▸ PROBLEM STATEMENT:
Give back only one number: how many lines in the data below contain the word "mechanical".

▸ Recorded data:
________________

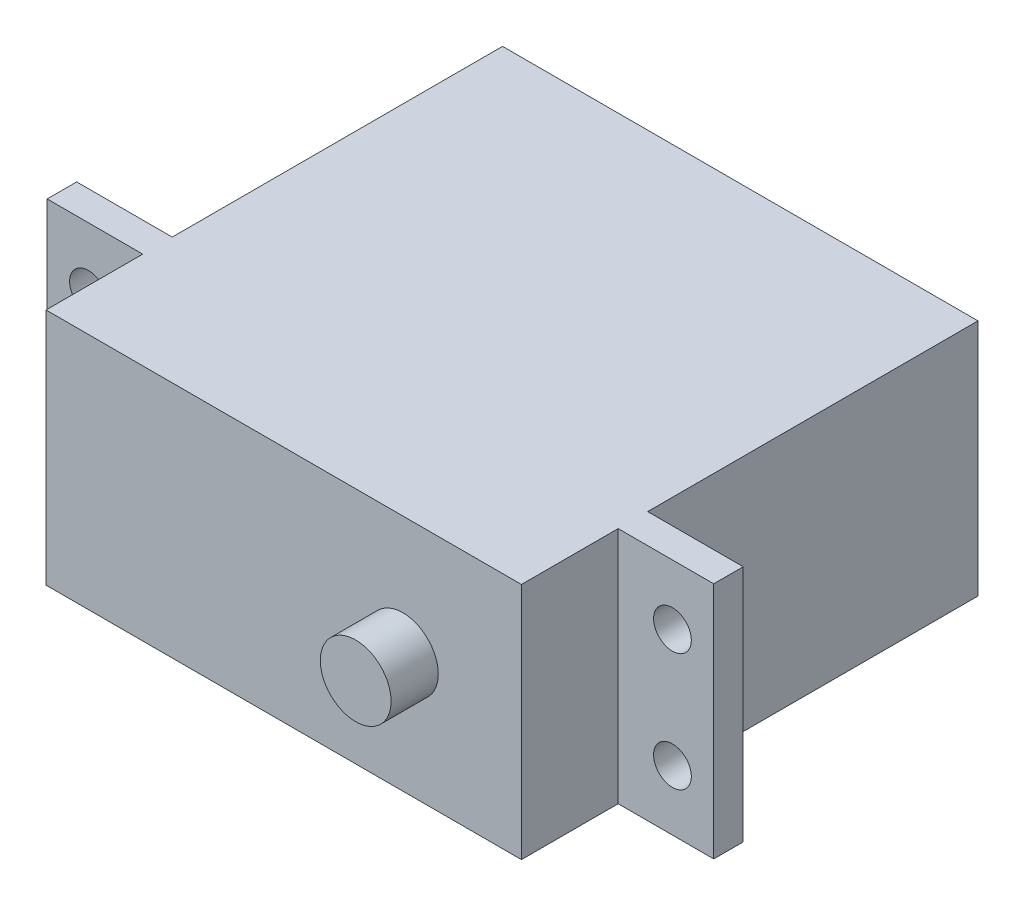
ISO-10303-21;
HEADER;
FILE_DESCRIPTION(('STEP AP214'),'2;1');
FILE_NAME('part.step','',(''),(''),'','','');
FILE_SCHEMA(('AUTOMOTIVE_DESIGN { 1 0 10303 214 1 1 1 1 }'));
ENDSEC;
DATA;
#1=APPLICATION_CONTEXT('core data for automotive mechanical design processes');
#2=APPLICATION_PROTOCOL_DEFINITION('international standard','automotive_design',2000,#1);
#3=PRODUCT_CONTEXT('',#1,'mechanical');
#4=PRODUCT('Part','Part','',(#3));
#5=PRODUCT_RELATED_PRODUCT_CATEGORY('part','',(#4));
#6=PRODUCT_DEFINITION_FORMATION('','',#4);
#7=PRODUCT_DEFINITION_CONTEXT('part definition',#1,'design');
#8=PRODUCT_DEFINITION('design','',#6,#7);
#9=PRODUCT_DEFINITION_SHAPE('','',#8);
#10=(LENGTH_UNIT() NAMED_UNIT(*) SI_UNIT(.MILLI.,.METRE.));
#11=(NAMED_UNIT(*) PLANE_ANGLE_UNIT() SI_UNIT($,.RADIAN.));
#12=(NAMED_UNIT(*) SI_UNIT($,.STERADIAN.) SOLID_ANGLE_UNIT());
#13=UNCERTAINTY_MEASURE_WITH_UNIT(LENGTH_MEASURE(1.E-05),#10,'distance_accuracy_value','');
#14=(GEOMETRIC_REPRESENTATION_CONTEXT(3) GLOBAL_UNCERTAINTY_ASSIGNED_CONTEXT((#13)) GLOBAL_UNIT_ASSIGNED_CONTEXT((#10,
#11,#12)) REPRESENTATION_CONTEXT('',''));
#15=CARTESIAN_POINT('',(0.,0.,0.));
#16=DIRECTION('',(0.,0.,1.));
#17=DIRECTION('',(1.,0.,0.));
#18=AXIS2_PLACEMENT_3D('',#15,#16,#17);
#19=CARTESIAN_POINT('',(-121.25,93.5,12.7));
#20=DIRECTION('',(1.,0.,0.));
#21=DIRECTION('',(0.,0.,-1.));
#22=AXIS2_PLACEMENT_3D('',#19,#20,#21);
#23=PLANE('',#22);
#24=DIRECTION('',(0.,-1.,0.));
#25=VECTOR('',#24,1.);
#26=CARTESIAN_POINT('',(-121.25,93.5,2.));
#27=LINE('',#26,#25);
#28=CARTESIAN_POINT('',(-121.25,93.5,2.));
#29=VERTEX_POINT('',#28);
#30=CARTESIAN_POINT('',(-121.25,73.3,2.));
#31=VERTEX_POINT('',#30);
#32=EDGE_CURVE('E60',#29,#31,#27,.T.);
#33=ORIENTED_EDGE('',*,*,#32,.F.);
#34=DIRECTION('',(0.,0.,-1.));
#35=VECTOR('',#34,1.);
#36=CARTESIAN_POINT('',(-121.25,93.5,12.7));
#37=LINE('',#36,#35);
#38=CARTESIAN_POINT('',(-121.25,93.5,-26.));
#39=VERTEX_POINT('',#38);
#40=EDGE_CURVE('E179',#29,#39,#37,.T.);
#41=ORIENTED_EDGE('',*,*,#40,.T.);
#42=DIRECTION('',(0.,-1.,0.));
#43=VECTOR('',#42,1.);
#44=CARTESIAN_POINT('',(-121.25,93.5,-26.));
#45=LINE('',#44,#43);
#46=CARTESIAN_POINT('',(-121.25,73.3,-26.));
#47=VERTEX_POINT('',#46);
#48=EDGE_CURVE('E169',#39,#47,#45,.T.);
#49=ORIENTED_EDGE('',*,*,#48,.T.);
#50=DIRECTION('',(0.,0.,-1.));
#51=VECTOR('',#50,1.);
#52=CARTESIAN_POINT('',(-121.25,73.3,12.7));
#53=LINE('',#52,#51);
#54=EDGE_CURVE('E198',#31,#47,#53,.T.);
#55=ORIENTED_EDGE('',*,*,#54,.F.);
#56=EDGE_LOOP('',(#33,#41,#49,#55));
#57=FACE_BOUND('',#56,.T.);
#58=ADVANCED_FACE('F41',(#57),#23,.F.);
#59=CARTESIAN_POINT('',(-80.95,73.3,12.7));
#60=DIRECTION('',(-1.,0.,0.));
#61=DIRECTION('',(0.,0.,1.));
#62=AXIS2_PLACEMENT_3D('',#59,#60,#61);
#63=PLANE('',#62);
#64=DIRECTION('',(0.,1.,0.));
#65=VECTOR('',#64,1.);
#66=CARTESIAN_POINT('',(-80.95,73.3,2.));
#67=LINE('',#66,#65);
#68=CARTESIAN_POINT('',(-80.95,73.3,2.));
#69=VERTEX_POINT('',#68);
#70=CARTESIAN_POINT('',(-80.95,93.5,2.));
#71=VERTEX_POINT('',#70);
#72=EDGE_CURVE('E200',#69,#71,#67,.T.);
#73=ORIENTED_EDGE('',*,*,#72,.F.);
#74=DIRECTION('',(0.,0.,-1.));
#75=VECTOR('',#74,1.);
#76=CARTESIAN_POINT('',(-80.95,73.3,12.7));
#77=LINE('',#76,#75);
#78=CARTESIAN_POINT('',(-80.95,73.3,-26.));
#79=VERTEX_POINT('',#78);
#80=EDGE_CURVE('E196',#69,#79,#77,.T.);
#81=ORIENTED_EDGE('',*,*,#80,.T.);
#82=DIRECTION('',(0.,1.,0.));
#83=VECTOR('',#82,1.);
#84=CARTESIAN_POINT('',(-80.95,73.3,-26.));
#85=LINE('',#84,#83);
#86=CARTESIAN_POINT('',(-80.95,93.5,-26.));
#87=VERTEX_POINT('',#86);
#88=EDGE_CURVE('E187',#79,#87,#85,.T.);
#89=ORIENTED_EDGE('',*,*,#88,.T.);
#90=DIRECTION('',(0.,0.,-1.));
#91=VECTOR('',#90,1.);
#92=CARTESIAN_POINT('',(-80.95,93.5,12.7));
#93=LINE('',#92,#91);
#94=EDGE_CURVE('E195',#71,#87,#93,.T.);
#95=ORIENTED_EDGE('',*,*,#94,.F.);
#96=EDGE_LOOP('',(#73,#81,#89,#95));
#97=FACE_BOUND('',#96,.T.);
#98=ADVANCED_FACE('F246',(#97),#63,.F.);
#99=CARTESIAN_POINT('',(-121.25,93.5,12.7));
#100=VERTEX_POINT('',#99);
#101=CARTESIAN_POINT('',(-121.25,93.5,4.5));
#102=VERTEX_POINT('',#101);
#103=EDGE_CURVE('E63',#100,#102,#37,.T.);
#104=ORIENTED_EDGE('',*,*,#103,.T.);
#105=DIRECTION('',(0.,-1.,0.));
#106=VECTOR('',#105,1.);
#107=CARTESIAN_POINT('',(-121.25,93.5,4.5));
#108=LINE('',#107,#106);
#109=CARTESIAN_POINT('',(-121.25,73.3,4.5));
#110=VERTEX_POINT('',#109);
#111=EDGE_CURVE('E163',#102,#110,#108,.T.);
#112=ORIENTED_EDGE('',*,*,#111,.T.);
#113=CARTESIAN_POINT('',(-121.25,73.3,12.7));
#114=VERTEX_POINT('',#113);
#115=EDGE_CURVE('E142',#114,#110,#53,.T.);
#116=ORIENTED_EDGE('',*,*,#115,.F.);
#117=DIRECTION('',(0.,-1.,0.));
#118=VECTOR('',#117,1.);
#119=CARTESIAN_POINT('',(-121.25,93.5,12.7));
#120=LINE('',#119,#118);
#121=EDGE_CURVE('E167',#100,#114,#120,.T.);
#122=ORIENTED_EDGE('',*,*,#121,.F.);
#123=EDGE_LOOP('',(#104,#112,#116,#122));
#124=FACE_BOUND('',#123,.T.);
#125=ADVANCED_FACE('F43',(#124),#23,.F.);
#126=CARTESIAN_POINT('',(-121.25,73.3,12.7));
#127=DIRECTION('',(0.,1.,0.));
#128=DIRECTION('',(0.,0.,1.));
#129=AXIS2_PLACEMENT_3D('',#126,#127,#128);
#130=PLANE('',#129);
#131=ORIENTED_EDGE('',*,*,#115,.T.);
#132=DIRECTION('',(1.,0.,0.));
#133=VECTOR('',#132,1.);
#134=CARTESIAN_POINT('',(-129.35,73.3,4.5));
#135=LINE('',#134,#133);
#136=CARTESIAN_POINT('',(-129.35,73.3,4.5));
#137=VERTEX_POINT('',#136);
#138=EDGE_CURVE('E134',#137,#110,#135,.T.);
#139=ORIENTED_EDGE('',*,*,#138,.F.);
#140=DIRECTION('',(0.,0.,-1.));
#141=VECTOR('',#140,1.);
#142=CARTESIAN_POINT('',(-129.35,73.3,4.5));
#143=LINE('',#142,#141);
#144=CARTESIAN_POINT('',(-129.35,73.3,2.));
#145=VERTEX_POINT('',#144);
#146=EDGE_CURVE('E136',#137,#145,#143,.T.);
#147=ORIENTED_EDGE('',*,*,#146,.T.);
#148=DIRECTION('',(1.,0.,0.));
#149=VECTOR('',#148,1.);
#150=CARTESIAN_POINT('',(-129.35,73.3,2.));
#151=LINE('',#150,#149);
#152=EDGE_CURVE('E235',#145,#31,#151,.T.);
#153=ORIENTED_EDGE('',*,*,#152,.T.);
#154=ORIENTED_EDGE('',*,*,#54,.T.);
#155=DIRECTION('',(1.,0.,0.));
#156=VECTOR('',#155,1.);
#157=CARTESIAN_POINT('',(-121.25,73.3,-26.));
#158=LINE('',#157,#156);
#159=EDGE_CURVE('E182',#47,#79,#158,.T.);
#160=ORIENTED_EDGE('',*,*,#159,.T.);
#161=ORIENTED_EDGE('',*,*,#80,.F.);
#162=CARTESIAN_POINT('',(-72.85,73.3,2.));
#163=VERTEX_POINT('',#162);
#164=EDGE_CURVE('E229',#69,#163,#151,.T.);
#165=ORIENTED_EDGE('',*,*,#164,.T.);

________________

▸ SOLUTION TO THIS TASK:
2